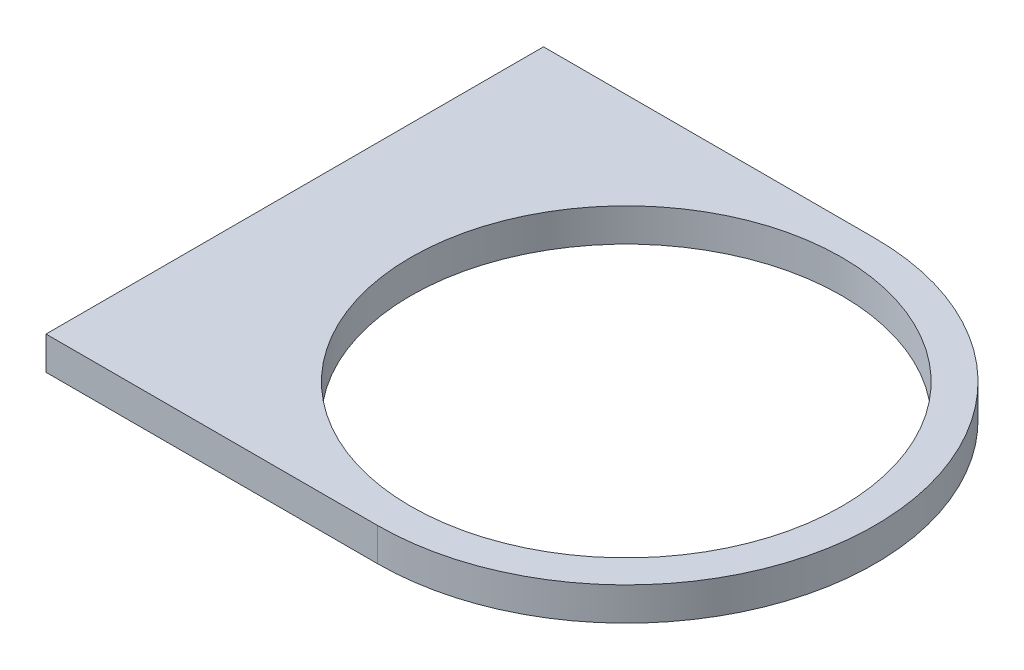
ISO-10303-21;
HEADER;
FILE_DESCRIPTION(('STEP AP214'),'2;1');
FILE_NAME('part.step','',(''),(''),'','','');
FILE_SCHEMA(('AUTOMOTIVE_DESIGN { 1 0 10303 214 1 1 1 1 }'));
ENDSEC;
DATA;
#1=APPLICATION_CONTEXT('core data for automotive mechanical design processes');
#2=APPLICATION_PROTOCOL_DEFINITION('international standard','automotive_design',2000,#1);
#3=PRODUCT_CONTEXT('',#1,'mechanical');
#4=PRODUCT('Part','Part','',(#3));
#5=PRODUCT_RELATED_PRODUCT_CATEGORY('part','',(#4));
#6=PRODUCT_DEFINITION_FORMATION('','',#4);
#7=PRODUCT_DEFINITION_CONTEXT('part definition',#1,'design');
#8=PRODUCT_DEFINITION('design','',#6,#7);
#9=PRODUCT_DEFINITION_SHAPE('','',#8);
#10=(LENGTH_UNIT() NAMED_UNIT(*) SI_UNIT(.MILLI.,.METRE.));
#11=(NAMED_UNIT(*) PLANE_ANGLE_UNIT() SI_UNIT($,.RADIAN.));
#12=(NAMED_UNIT(*) SI_UNIT($,.STERADIAN.) SOLID_ANGLE_UNIT());
#13=UNCERTAINTY_MEASURE_WITH_UNIT(LENGTH_MEASURE(1.E-05),#10,'distance_accuracy_value','');
#14=(GEOMETRIC_REPRESENTATION_CONTEXT(3) GLOBAL_UNCERTAINTY_ASSIGNED_CONTEXT((#13)) GLOBAL_UNIT_ASSIGNED_CONTEXT((#10,
#11,#12)) REPRESENTATION_CONTEXT('',''));
#15=CARTESIAN_POINT('',(0.,0.,0.));
#16=DIRECTION('',(0.,0.,1.));
#17=DIRECTION('',(1.,0.,0.));
#18=AXIS2_PLACEMENT_3D('',#15,#16,#17);
#19=CARTESIAN_POINT('',(155.722607748748,6.35,95.25));
#20=DIRECTION('',(0.,-1.,0.));
#21=DIRECTION('',(1.,0.,0.));
#22=AXIS2_PLACEMENT_3D('',#19,#20,#21);
#23=PLANE('',#22);
#24=CARTESIAN_POINT('',(108.097607748748,6.34999999999999,47.625));
#25=DIRECTION('',(0.,1.,0.));
#26=DIRECTION('',(-1.,0.,0.));
#27=AXIS2_PLACEMENT_3D('',#24,#25,#26);
#28=CIRCLE('',#27,41.275);
#29=CARTESIAN_POINT('',(66.8226077487482,6.34999999999999,47.625));
#30=VERTEX_POINT('',#29);
#31=EDGE_CURVE('E93',#30,#30,#28,.T.);
#32=ORIENTED_EDGE('',*,*,#31,.F.);
#33=EDGE_LOOP('',(#32));
#34=FACE_BOUND('',#33,.T.);
#35=CARTESIAN_POINT('',(108.097607748748,6.34999999999999,47.625));
#36=DIRECTION('',(0.,-1.,0.));
#37=DIRECTION('',(-1.,0.,0.));
#38=AXIS2_PLACEMENT_3D('',#35,#36,#37);
#39=CIRCLE('',#38,47.625);
#40=CARTESIAN_POINT('',(108.097607748748,6.34999999999999,0.));
#41=VERTEX_POINT('',#40);
#42=CARTESIAN_POINT('',(108.097607748748,6.34999999999999,95.25));
#43=VERTEX_POINT('',#42);
#44=EDGE_CURVE('E102',#41,#43,#39,.T.);
#45=ORIENTED_EDGE('',*,*,#44,.F.);
#46=DIRECTION('',(-1.,0.,0.));
#47=VECTOR('',#46,1.);
#48=CARTESIAN_POINT('',(155.722607748748,6.35,0.));
#49=LINE('',#48,#47);
#50=CARTESIAN_POINT('',(44.6197917788018,6.34999999999999,0.));
#51=VERTEX_POINT('',#50);
#52=EDGE_CURVE('E77',#41,#51,#49,.T.);
#53=ORIENTED_EDGE('',*,*,#52,.T.);
#54=DIRECTION('',(0.,0.,-1.));
#55=VECTOR('',#54,1.);
#56=CARTESIAN_POINT('',(44.6197917788018,6.34999999999999,95.25));
#57=LINE('',#56,#55);
#58=CARTESIAN_POINT('',(44.6197917788018,6.34999999999999,95.25));
#59=VERTEX_POINT('',#58);
#60=EDGE_CURVE('E11',#59,#51,#57,.T.);
#61=ORIENTED_EDGE('',*,*,#60,.F.);
#62=DIRECTION('',(-1.,0.,0.));
#63=VECTOR('',#62,1.);
#64=CARTESIAN_POINT('',(155.722607748748,6.35,95.25));
#65=LINE('',#64,#63);
#66=EDGE_CURVE('E85',#43,#59,#65,.T.);
#67=ORIENTED_EDGE('',*,*,#66,.F.);
#68=EDGE_LOOP('',(#45,#53,#61,#67));
#69=FACE_BOUND('',#68,.T.);
#70=ADVANCED_FACE('F33',(#34,#69),#23,.F.);
#71=CARTESIAN_POINT('',(44.6197917788018,0.,95.25));
#72=DIRECTION('',(1.,0.,0.));
#73=DIRECTION('',(0.,0.,-1.));
#74=AXIS2_PLACEMENT_3D('',#71,#72,#73);
#75=PLANE('',#74);
#76=DIRECTION('',(0.,-1.,0.));
#77=VECTOR('',#76,1.);
#78=CARTESIAN_POINT('',(44.6197917788018,0.,0.));
#79=LINE('',#78,#77);
#80=CARTESIAN_POINT('',(44.6197917788018,0.,0.));
#81=VERTEX_POINT('',#80);
#82=EDGE_CURVE('E68',#51,#81,#79,.T.);
#83=ORIENTED_EDGE('',*,*,#82,.T.);
#84=DIRECTION('',(0.,0.,-1.));
#85=VECTOR('',#84,1.);
#86=CARTESIAN_POINT('',(44.6197917788018,0.,95.25));
#87=LINE('',#86,#85);
#88=CARTESIAN_POINT('',(44.6197917788018,0.,95.25));
#89=VERTEX_POINT('',#88);
#90=EDGE_CURVE('E40',#89,#81,#87,.T.);
#91=ORIENTED_EDGE('',*,*,#90,.F.);
#92=DIRECTION('',(0.,-1.,0.));
#93=VECTOR('',#92,1.);
#94=CARTESIAN_POINT('',(44.6197917788018,0.,95.25));
#95=LINE('',#94,#93);
#96=EDGE_CURVE('E56',#59,#89,#95,.T.);
#97=ORIENTED_EDGE('',*,*,#96,.F.);
#98=ORIENTED_EDGE('',*,*,#60,.T.);
#99=EDGE_LOOP('',(#83,#91,#97,#98));
#100=FACE_BOUND('',#99,.T.);
#101=ADVANCED_FACE('F70',(#100),#75,.F.);
#102=CARTESIAN_POINT('',(155.722607748748,0.,95.25));
#103=DIRECTION('',(0.,1.,0.));
#104=DIRECTION('',(-1.,0.,0.));
#105=AXIS2_PLACEMENT_3D('',#102,#103,#104);
#106=PLANE('',#105);
#107=CARTESIAN_POINT('',(108.097607748748,0.,47.625));
#108=DIRECTION('',(0.,1.,0.));
#109=DIRECTION('',(-1.,0.,0.));
#110=AXIS2_PLACEMENT_3D('',#107,#108,#109);
#111=CIRCLE('',#110,41.275);
#112=CARTESIAN_POINT('',(66.8226077487482,0.,47.625));
#113=VERTEX_POINT('',#112);
#114=EDGE_CURVE('E90',#113,#113,#111,.T.);
#115=ORIENTED_EDGE('',*,*,#114,.T.);
#116=EDGE_LOOP('',(#115));
#117=FACE_BOUND('',#116,.T.);
#118=DIRECTION('',(1.,0.,0.));
#119=VECTOR('',#118,1.);
#120=CARTESIAN_POINT('',(155.722607748748,0.,0.));
#121=LINE('',#120,#119);
#122=CARTESIAN_POINT('',(108.097607748748,0.,0.));
#123=VERTEX_POINT('',#122);
#124=EDGE_CURVE('E76',#81,#123,#121,.T.);
#125=ORIENTED_EDGE('',*,*,#124,.T.);
#126=CARTESIAN_POINT('',(108.097607748748,0.,47.625));
#127=DIRECTION('',(0.,-1.,0.));
#128=DIRECTION('',(-1.,0.,0.));
#129=AXIS2_PLACEMENT_3D('',#126,#127,#128);
#130=CIRCLE('',#129,47.625);
#131=CARTESIAN_POINT('',(108.097607748748,0.,95.25));
#132=VERTEX_POINT('',#131);
#133=EDGE_CURVE('E47',#123,#132,#130,.T.);
#134=ORIENTED_EDGE('',*,*,#133,.T.);
#135=DIRECTION('',(1.,0.,0.));
#136=VECTOR('',#135,1.);
#137=CARTESIAN_POINT('',(155.722607748748,0.,95.25));
#138=LINE('',#137,#136);
#139=EDGE_CURVE('E82',#89,#132,#138,.T.);
#140=ORIENTED_EDGE('',*,*,#139,.F.);
#141=ORIENTED_EDGE('',*,*,#90,.T.);
#142=EDGE_LOOP('',(#125,#134,#140,#141));
#143=FACE_BOUND('',#142,.T.);
#144=ADVANCED_FACE('F81',(#117,#143),#106,.F.);
#145=CARTESIAN_POINT('',(0.,0.,95.25));
#146=DIRECTION('',(0.,0.,1.));
#147=DIRECTION('',(1.,0.,0.));
#148=AXIS2_PLACEMENT_3D('',#145,#146,#147);
#149=PLANE('',#148);
#150=DIRECTION('',(0.,1.,0.));
#151=VECTOR('',#150,1.);
#152=CARTESIAN_POINT('',(108.097607748748,0.,95.25));
#153=LINE('',#152,#151);
#154=EDGE_CURVE('E98',#132,#43,#153,.T.);
#155=ORIENTED_EDGE('',*,*,#154,.T.);
#156=ORIENTED_EDGE('',*,*,#66,.T.);
#157=ORIENTED_EDGE('',*,*,#96,.T.);
#158=ORIENTED_EDGE('',*,*,#139,.T.);
#159=EDGE_LOOP('',(#155,#156,#157,#158));
#160=FACE_BOUND('',#159,.T.);
#161=ADVANCED_FACE('F107',(#160),#149,.T.);
#162=CARTESIAN_POINT('',(0.,0.,0.));
#163=DIRECTION('',(0.,0.,1.));
#164=DIRECTION('',(1.,0.,0.));
#165=AXIS2_PLACEMENT_3D('',#162,#163,#164);
#166=PLANE('',#165);
#167=ORIENTED_EDGE('',*,*,#52,.F.);
#168=DIRECTION('',(0.,1.,0.));
#169=VECTOR('',#168,1.);
#170=CARTESIAN_POINT('',(108.097607748748,0.,0.));
#171=LINE('',#170,#169);
#172=EDGE_CURVE('E84',#123,#41,#171,.T.);
#173=ORIENTED_EDGE('',*,*,#172,.F.);
#174=ORIENTED_EDGE('',*,*,#124,.F.);
#175=ORIENTED_EDGE('',*,*,#82,.F.);
#176=EDGE_LOOP('',(#167,#173,#174,#175));
#177=FACE_BOUND('',#176,.T.);
#178=ADVANCED_FACE('F83',(#177),#166,.F.);
#179=CARTESIAN_POINT('',(108.097607748748,0.,47.625));
#180=DIRECTION('',(0.,1.,0.));
#181=DIRECTION('',(-1.,0.,0.));
#182=AXIS2_PLACEMENT_3D('',#179,#180,#181);
#183=CYLINDRICAL_SURFACE('',#182,41.275);
#184=ORIENTED_EDGE('',*,*,#114,.F.);
#185=EDGE_LOOP('',(#184));
#186=FACE_BOUND('',#185,.T.);
#187=ORIENTED_EDGE('',*,*,#31,.T.);
#188=EDGE_LOOP('',(#187));
#189=FACE_BOUND('',#188,.T.);
#190=ADVANCED_FACE('F115',(#186,#189),#183,.F.);
#191=CARTESIAN_POINT('',(108.097607748748,0.,47.625));
#192=DIRECTION('',(0.,1.,0.));
#193=DIRECTION('',(-1.,0.,0.));
#194=AXIS2_PLACEMENT_3D('',#191,#192,#193);
#195=CYLINDRICAL_SURFACE('',#194,47.625);
#196=ORIENTED_EDGE('',*,*,#44,.T.);
#197=ORIENTED_EDGE('',*,*,#154,.F.);
#198=ORIENTED_EDGE('',*,*,#133,.F.);
#199=ORIENTED_EDGE('',*,*,#172,.T.);
#200=EDGE_LOOP('',(#196,#197,#198,#199));
#201=FACE_BOUND('',#200,.T.);
#202=ADVANCED_FACE('F113',(#201),#195,.T.);
#203=CLOSED_SHELL('',(#70,#101,#144,#161,#178,#190,#202));
#204=MANIFOLD_SOLID_BREP('B2',#203);
#205=ADVANCED_BREP_SHAPE_REPRESENTATION('',(#18,#204),#14);
#206=SHAPE_DEFINITION_REPRESENTATION(#9,#205);
ENDSEC;
END-ISO-10303-21;

********************

EXERCISE DESCRIPTION ▸ In the data above, which lines lie between the line with "#120=CARTESIAN_POINT('',(155.722607748748,0.,0.));" and the line with "#166=PLANE('',#165);", inclusive? Print those lines exactly and nothing else.

WRITTEN ANSWER ▸
#120=CARTESIAN_POINT('',(155.722607748748,0.,0.));
#121=LINE('',#120,#119);
#122=CARTESIAN_POINT('',(108.097607748748,0.,0.));
#123=VERTEX_POINT('',#122);
#124=EDGE_CURVE('E76',#81,#123,#121,.T.);
#125=ORIENTED_EDGE('',*,*,#124,.T.);
#126=CARTESIAN_POINT('',(108.097607748748,0.,47.625));
#127=DIRECTION('',(0.,-1.,0.));
#128=DIRECTION('',(-1.,0.,0.));
#129=AXIS2_PLACEMENT_3D('',#126,#127,#128);
#130=CIRCLE('',#129,47.625);
#131=CARTESIAN_POINT('',(108.097607748748,0.,95.25));
#132=VERTEX_POINT('',#131);
#133=EDGE_CURVE('E47',#123,#132,#130,.T.);
#134=ORIENTED_EDGE('',*,*,#133,.T.);
#135=DIRECTION('',(1.,0.,0.));
#136=VECTOR('',#135,1.);
#137=CARTESIAN_POINT('',(155.722607748748,0.,95.25));
#138=LINE('',#137,#136);
#139=EDGE_CURVE('E82',#89,#132,#138,.T.);
#140=ORIENTED_EDGE('',*,*,#139,.F.);
#141=ORIENTED_EDGE('',*,*,#90,.T.);
#142=EDGE_LOOP('',(#125,#134,#140,#141));
#143=FACE_BOUND('',#142,.T.);
#144=ADVANCED_FACE('F81',(#117,#143),#106,.F.);
#145=CARTESIAN_POINT('',(0.,0.,95.25));
#146=DIRECTION('',(0.,0.,1.));
#147=DIRECTION('',(1.,0.,0.));
#148=AXIS2_PLACEMENT_3D('',#145,#146,#147);
#149=PLANE('',#148);
#150=DIRECTION('',(0.,1.,0.));
#151=VECTOR('',#150,1.);
#152=CARTESIAN_POINT('',(108.097607748748,0.,95.25));
#153=LINE('',#152,#151);
#154=EDGE_CURVE('E98',#132,#43,#153,.T.);
#155=ORIENTED_EDGE('',*,*,#154,.T.);
#156=ORIENTED_EDGE('',*,*,#66,.T.);
#157=ORIENTED_EDGE('',*,*,#96,.T.);
#158=ORIENTED_EDGE('',*,*,#139,.T.);
#159=EDGE_LOOP('',(#155,#156,#157,#158));
#160=FACE_BOUND('',#159,.T.);
#161=ADVANCED_FACE('F107',(#160),#149,.T.);
#162=CARTESIAN_POINT('',(0.,0.,0.));
#163=DIRECTION('',(0.,0.,1.));
#164=DIRECTION('',(1.,0.,0.));
#165=AXIS2_PLACEMENT_3D('',#162,#163,#164);
#166=PLANE('',#165);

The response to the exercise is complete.